## Task directions
From the entries that follow, work out how many lines contain "TreatAsAtomicUnit". Write the number only.

Source records:
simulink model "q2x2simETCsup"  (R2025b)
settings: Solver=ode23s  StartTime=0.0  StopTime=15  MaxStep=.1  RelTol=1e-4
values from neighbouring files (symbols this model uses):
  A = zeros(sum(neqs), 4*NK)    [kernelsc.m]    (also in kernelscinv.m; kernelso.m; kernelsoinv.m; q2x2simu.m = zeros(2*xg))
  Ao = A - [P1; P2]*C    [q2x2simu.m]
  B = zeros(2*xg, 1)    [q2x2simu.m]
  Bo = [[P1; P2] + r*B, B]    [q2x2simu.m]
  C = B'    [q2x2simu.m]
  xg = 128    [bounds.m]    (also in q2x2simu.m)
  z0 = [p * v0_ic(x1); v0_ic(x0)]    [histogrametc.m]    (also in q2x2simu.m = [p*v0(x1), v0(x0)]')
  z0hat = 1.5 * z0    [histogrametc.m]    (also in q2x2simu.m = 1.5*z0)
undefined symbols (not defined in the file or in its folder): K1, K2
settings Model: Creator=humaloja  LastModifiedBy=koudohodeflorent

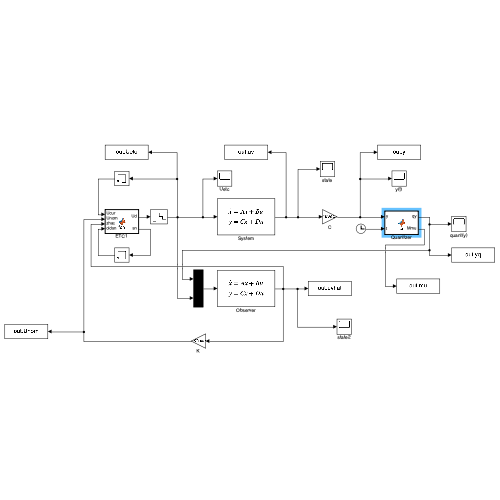
[thumbnail: Simulink's stored preview of the top-level diagram]
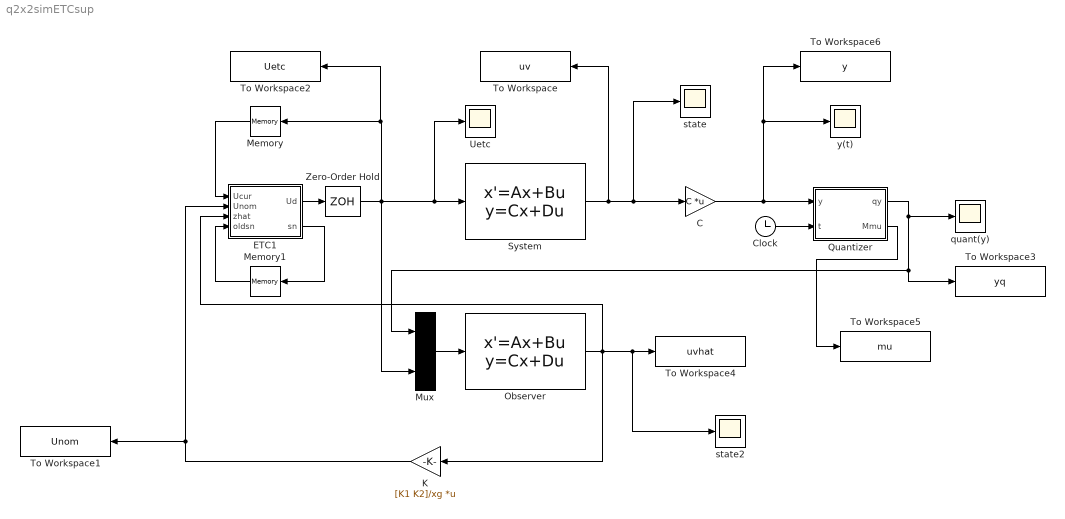
== system q2x2simETCsup ==
  C : Gain  Gain=C  Multiplication=Matrix(K*u) (u vector)
  Clock : Clock
  ETC1 : MATLAB Function  TreatAsAtomicUnit=on
  K : Gain  Gain=[K1 K2]/xg  Multiplication=Matrix(K*u) (u vector)
  Memory : Memory
  Memory1 : Memory
  Mux : Mux  Inputs=2
  Observer : StateSpace  A=Ao  B=Bo  C=eye(2*xg)  D=zeros(2*xg,2)  InitialCondition=z0hat
  Quantizer : MATLAB Function  TreatAsAtomicUnit=on
  System : StateSpace  A=A  B=B  C=eye(2*xg)  D=zeros(2*xg,1)  InitialCondition=z0
  To Workspace : ToWorkspace  VariableName=uv  SaveFormat=Timeseries  SampleTime=-1
  To Workspace1 : ToWorkspace  VariableName=Unom  SaveFormat=Timeseries  SampleTime=-1
  To Workspace2 : ToWorkspace  VariableName=Uetc  SaveFormat=Timeseries  SampleTime=-1
  To Workspace3 : ToWorkspace  VariableName=yq  SaveFormat=Timeseries  SampleTime=-1
  To Workspace4 : ToWorkspace  VariableName=uvhat  SaveFormat=Timeseries  SampleTime=-1
  To Workspace5 : ToWorkspace  VariableName=mu  SaveFormat=Timeseries  SampleTime=-1
  To Workspace6 : ToWorkspace  VariableName=y  SaveFormat=Timeseries  SampleTime=-1
  Uetc : Scope
      settings: ActiveDisplayYMinimum=-18.41524  ActiveDisplayYMaximum=11.25796
  Zero-Order Hold : ZeroOrderHold  SampleTime=-1
  quant(y) : Scope
      settings: ActiveDisplayYMinimum=-10.5  ActiveDisplayYMaximum=4.5  DataLoggingVariableName=ScopeData2
  state : Scope
      settings: ActiveDisplayYMinimum=-5.0111601734068E+8  ActiveDisplayYMaximum=5.567956859341E+7  DataLoggingVariableName=ScopeData4
  state2 : Scope
      settings: ActiveDisplayYMinimum=-20.70698  ActiveDisplayYMaximum=18.96744
  y(t) : Scope
      settings: ActiveDisplayYMinimum=-11.52754  ActiveDisplayYMaximum=6.14184
  wires:
  Mux/1 -> Observer/1
  System/1 -> To Workspace/1, state/1, C/1
  Quantizer/1(qy) -> quant(y)/1, To Workspace3/1, Mux/1
  Clock/1 -> Quantizer/2(t)
  Observer/1 -> K/1, ETC1/3(zhat), state2/1, To Workspace4/1
  Zero-Order Hold/1 -> Mux/2, To Workspace2/1, Memory/1, Uetc/1, System/1
  C/1 -> To Workspace6/1, y(t)/1, Quantizer/1(y)
  Quantizer/2(Mmu) -> To Workspace5/1
  K/1 -> ETC1/2(Unom), To Workspace1/1
  ETC1/2(sn) -> Memory1/1
  Memory1/1 -> ETC1/4(oldsn)
  ETC1/1(Ud) -> Zero-Order Hold/1
  Memory/1 -> ETC1/1(Ucur)

== matlab function q2x2simETCsup/Quantizer ==
  data: y input; qy output; t input; Mmu output
function [qy, Mmu] = fcn(y,t)
% parameters
M = 3; Delta = M/10;
mu0 =5; Omega =.6; T = 2;

% mu
mu = mu0*Omega^floor(t/T);
Mmu = M*mu;

% quantizer
if y/mu > M
  qy = M;
elseif y/mu < -M
  qy = -M;
else
  qy = Delta*floor(y/(mu*Delta) + 0.5);
end
% multiply output by mu
qy = mu*qy;

% FOR TESTING: disable quantization by just returning y
%qy = y;
end

== matlab function q2x2simETCsup/ETC1 ==
  data: Ucur input; Unom input; Ud output; zhat input; oldsn input; sn output
function [Ud,sn] = fcn(Ucur,Unom,zhat,oldsn)
% parameters
Cetm = 0.14; 

% split zhat to uhat and vhat
xg = numel(zhat)/2;

sn = max(oldsn,norm(zhat(1:xg),inf) + norm(zhat(xg+1:2*xg),inf));

if abs(Unom - Ucur) > Cetm*sn
  Ud = Unom;
  sn = norm(zhat(1:xg),inf) + norm(zhat(xg+1:2*xg),inf);
else
  Ud = Ucur;
end

% FOR TESTING: disable event-triggering by just returning Unom
% Ud = Unom;
end

## Solved problem
2